TASK DIRECTIONS:
Within the records below is a range that opens at the line with "#82=FACE_BOUND('',#81,.T.);" and closes at the line with "#103=VERTEX_POINT('',#102);". Return that range word for word, both ends included, and only that range.

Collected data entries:
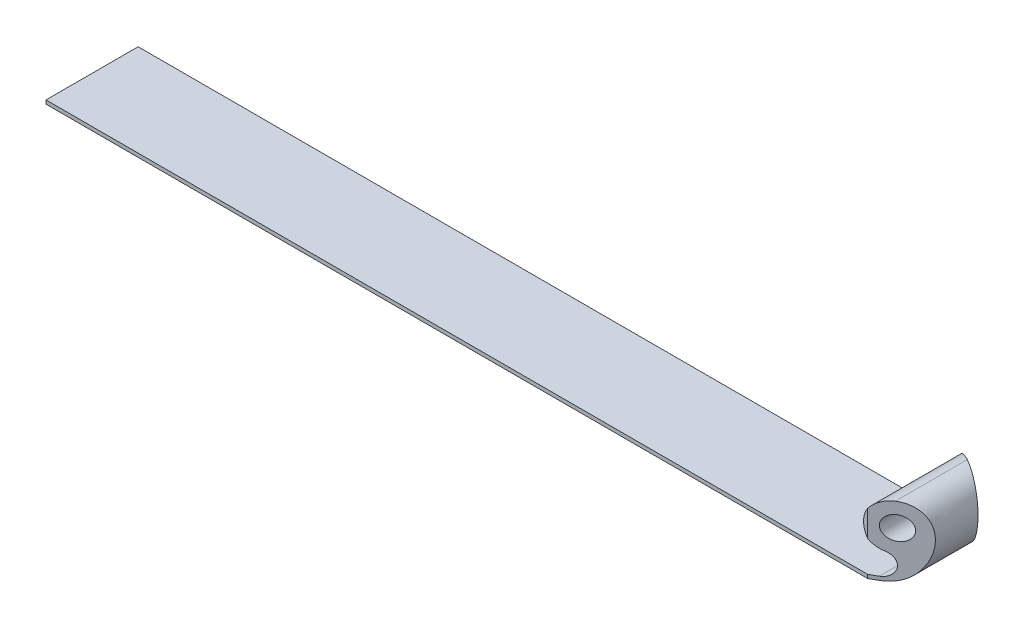
ISO-10303-21;
HEADER;
FILE_DESCRIPTION(('STEP AP214'),'2;1');
FILE_NAME('part.step','',(''),(''),'','','');
FILE_SCHEMA(('AUTOMOTIVE_DESIGN { 1 0 10303 214 1 1 1 1 }'));
ENDSEC;
DATA;
#1=APPLICATION_CONTEXT('core data for automotive mechanical design processes');
#2=APPLICATION_PROTOCOL_DEFINITION('international standard','automotive_design',2000,#1);
#3=PRODUCT_CONTEXT('',#1,'mechanical');
#4=PRODUCT('Part','Part','',(#3));
#5=PRODUCT_RELATED_PRODUCT_CATEGORY('part','',(#4));
#6=PRODUCT_DEFINITION_FORMATION('','',#4);
#7=PRODUCT_DEFINITION_CONTEXT('part definition',#1,'design');
#8=PRODUCT_DEFINITION('design','',#6,#7);
#9=PRODUCT_DEFINITION_SHAPE('','',#8);
#10=(LENGTH_UNIT() NAMED_UNIT(*) SI_UNIT(.MILLI.,.METRE.));
#11=(NAMED_UNIT(*) PLANE_ANGLE_UNIT() SI_UNIT($,.RADIAN.));
#12=(NAMED_UNIT(*) SI_UNIT($,.STERADIAN.) SOLID_ANGLE_UNIT());
#13=UNCERTAINTY_MEASURE_WITH_UNIT(LENGTH_MEASURE(1.E-05),#10,'distance_accuracy_value','');
#14=(GEOMETRIC_REPRESENTATION_CONTEXT(3) GLOBAL_UNCERTAINTY_ASSIGNED_CONTEXT((#13)) GLOBAL_UNIT_ASSIGNED_CONTEXT((#10,
#11,#12)) REPRESENTATION_CONTEXT('',''));
#15=CARTESIAN_POINT('',(0.,0.,0.));
#16=DIRECTION('',(0.,0.,1.));
#17=DIRECTION('',(1.,0.,0.));
#18=AXIS2_PLACEMENT_3D('',#15,#16,#17);
#19=CARTESIAN_POINT('',(0.,1.016,-12.7));
#20=DIRECTION('',(0.,0.,1.));
#21=DIRECTION('',(1.,0.,0.));
#22=AXIS2_PLACEMENT_3D('',#19,#20,#21);
#23=PLANE('',#22);
#24=CARTESIAN_POINT('',(231.775,13.1712561210692,-12.7));
#25=DIRECTION('',(0.,0.,-1.));
#26=DIRECTION('',(-1.,0.,0.));
#27=AXIS2_PLACEMENT_3D('',#24,#25,#26);
#28=CIRCLE('',#27,6.35);
#29=CARTESIAN_POINT('',(226.576403152688,9.52473849199963,-12.7));
#30=VERTEX_POINT('',#29);
#31=CARTESIAN_POINT('',(226.576403152688,16.8177737501387,-12.7));
#32=VERTEX_POINT('',#31);
#33=EDGE_CURVE('E236',#30,#32,#28,.T.);
#34=ORIENTED_EDGE('',*,*,#33,.T.);
#35=DIRECTION('',(0.,-1.,0.));
#36=VECTOR('',#35,1.);
#37=CARTESIAN_POINT('',(226.576403152688,19.6595705539557,-12.7));
#38=LINE('',#37,#36);
#39=EDGE_CURVE('E132',#32,#30,#38,.T.);
#40=ORIENTED_EDGE('',*,*,#39,.T.);
#41=EDGE_LOOP('',(#34,#40));
#42=FACE_BOUND('',#41,.T.);
#43=ADVANCED_FACE('F33',(#42),#23,.F.);
#44=CARTESIAN_POINT('',(0.,1.016,12.7));
#45=DIRECTION('',(0.,0.,-1.));
#46=DIRECTION('',(-1.,0.,0.));
#47=AXIS2_PLACEMENT_3D('',#44,#45,#46);
#48=PLANE('',#47);
#49=DIRECTION('',(1.,0.,0.));
#50=VECTOR('',#49,1.);
#51=CARTESIAN_POINT('',(0.,0.,12.7));
#52=LINE('',#51,#50);
#53=CARTESIAN_POINT('',(0.,0.,12.7));
#54=VERTEX_POINT('',#53);
#55=CARTESIAN_POINT('',(226.576403152688,0.,12.7));
#56=VERTEX_POINT('',#55);
#57=EDGE_CURVE('E128',#54,#56,#52,.T.);
#58=ORIENTED_EDGE('',*,*,#57,.T.);
#59=DIRECTION('',(0.,-1.,0.));
#60=VECTOR('',#59,1.);
#61=CARTESIAN_POINT('',(226.576403152688,19.6595705539557,12.7));
#62=LINE('',#61,#60);
#63=CARTESIAN_POINT('',(226.576403152688,1.016,12.7));
#64=VERTEX_POINT('',#63);
#65=EDGE_CURVE('E110',#64,#56,#62,.T.);
#66=ORIENTED_EDGE('',*,*,#65,.F.);
#67=DIRECTION('',(1.,0.,0.));
#68=VECTOR('',#67,1.);
#69=CARTESIAN_POINT('',(0.,1.016,12.7));
#70=LINE('',#69,#68);
#71=CARTESIAN_POINT('',(0.,1.016,12.7));
#72=VERTEX_POINT('',#71);
#73=EDGE_CURVE('E147',#72,#64,#70,.T.);
#74=ORIENTED_EDGE('',*,*,#73,.F.);
#75=DIRECTION('',(0.,-1.,0.));
#76=VECTOR('',#75,1.);
#77=CARTESIAN_POINT('',(0.,1.016,12.7));
#78=LINE('',#77,#76);
#79=EDGE_CURVE('E42',#72,#54,#78,.T.);
#80=ORIENTED_EDGE('',*,*,#79,.T.);
#81=EDGE_LOOP('',(#58,#66,#74,#80));
#82=FACE_BOUND('',#81,.T.);
#83=ADVANCED_FACE('F135',(#82),#48,.F.);
#84=DIRECTION('',(-1.,0.,0.));
#85=VECTOR('',#84,1.);
#86=CARTESIAN_POINT('',(0.,1.016,-12.7));
#87=LINE('',#86,#85);
#88=CARTESIAN_POINT('',(226.576403152688,1.016,-12.7));
#89=VERTEX_POINT('',#88);
#90=CARTESIAN_POINT('',(0.,1.016,-12.7));
#91=VERTEX_POINT('',#90);
#92=EDGE_CURVE('E141',#89,#91,#87,.T.);
#93=ORIENTED_EDGE('',*,*,#92,.F.);
#94=CARTESIAN_POINT('',(226.576403152688,0.,-12.7));
#95=VERTEX_POINT('',#94);
#96=EDGE_CURVE('E158',#89,#95,#38,.T.);
#97=ORIENTED_EDGE('',*,*,#96,.T.);
#98=DIRECTION('',(-1.,0.,0.));
#99=VECTOR('',#98,1.);
#100=CARTESIAN_POINT('',(0.,0.,-12.7));
#101=LINE('',#100,#99);
#102=CARTESIAN_POINT('',(0.,0.,-12.7));
#103=VERTEX_POINT('',#102);
#104=EDGE_CURVE('E143',#95,#103,#101,.T.);
#105=ORIENTED_EDGE('',*,*,#104,.T.);
#106=DIRECTION('',(0.,-1.,0.));
#107=VECTOR('',#106,1.);
#108=CARTESIAN_POINT('',(0.,1.016,-12.7));
#109=LINE('',#108,#107);
#110=EDGE_CURVE('E11',#91,#103,#109,.T.);
#111=ORIENTED_EDGE('',*,*,#110,.F.);
#112=EDGE_LOOP('',(#93,#97,#105,#111));
#113=FACE_BOUND('',#112,.T.);
#114=ADVANCED_FACE('F35',(#113),#23,.F.);
#115=CARTESIAN_POINT('',(0.,1.016,12.7));
#116=DIRECTION('',(1.,0.,0.));
#117=DIRECTION('',(0.,0.,-1.));
#118=AXIS2_PLACEMENT_3D('',#115,#116,#117);
#119=PLANE('',#118);
#120=DIRECTION('',(0.,0.,1.));
#121=VECTOR('',#120,1.);
#122=CARTESIAN_POINT('',(0.,0.,12.7));
#123=LINE('',#122,#121);
#124=EDGE_CURVE('E138',#103,#54,#123,.T.);
#125=ORIENTED_EDGE('',*,*,#124,.T.);
#126=ORIENTED_EDGE('',*,*,#79,.F.);
#127=DIRECTION('',(0.,0.,1.));
#128=VECTOR('',#127,1.);
#129=CARTESIAN_POINT('',(0.,1.016,12.7));
#130=LINE('',#129,#128);
#131=EDGE_CURVE('E213',#91,#72,#130,.T.);
#132=ORIENTED_EDGE('',*,*,#131,.F.);
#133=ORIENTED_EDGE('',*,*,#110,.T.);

ANSWER SECTION:
#82=FACE_BOUND('',#81,.T.);
#83=ADVANCED_FACE('F135',(#82),#48,.F.);
#84=DIRECTION('',(-1.,0.,0.));
#85=VECTOR('',#84,1.);
#86=CARTESIAN_POINT('',(0.,1.016,-12.7));
#87=LINE('',#86,#85);
#88=CARTESIAN_POINT('',(226.576403152688,1.016,-12.7));
#89=VERTEX_POINT('',#88);
#90=CARTESIAN_POINT('',(0.,1.016,-12.7));
#91=VERTEX_POINT('',#90);
#92=EDGE_CURVE('E141',#89,#91,#87,.T.);
#93=ORIENTED_EDGE('',*,*,#92,.F.);
#94=CARTESIAN_POINT('',(226.576403152688,0.,-12.7));
#95=VERTEX_POINT('',#94);
#96=EDGE_CURVE('E158',#89,#95,#38,.T.);
#97=ORIENTED_EDGE('',*,*,#96,.T.);
#98=DIRECTION('',(-1.,0.,0.));
#99=VECTOR('',#98,1.);
#100=CARTESIAN_POINT('',(0.,0.,-12.7));
#101=LINE('',#100,#99);
#102=CARTESIAN_POINT('',(0.,0.,-12.7));
#103=VERTEX_POINT('',#102);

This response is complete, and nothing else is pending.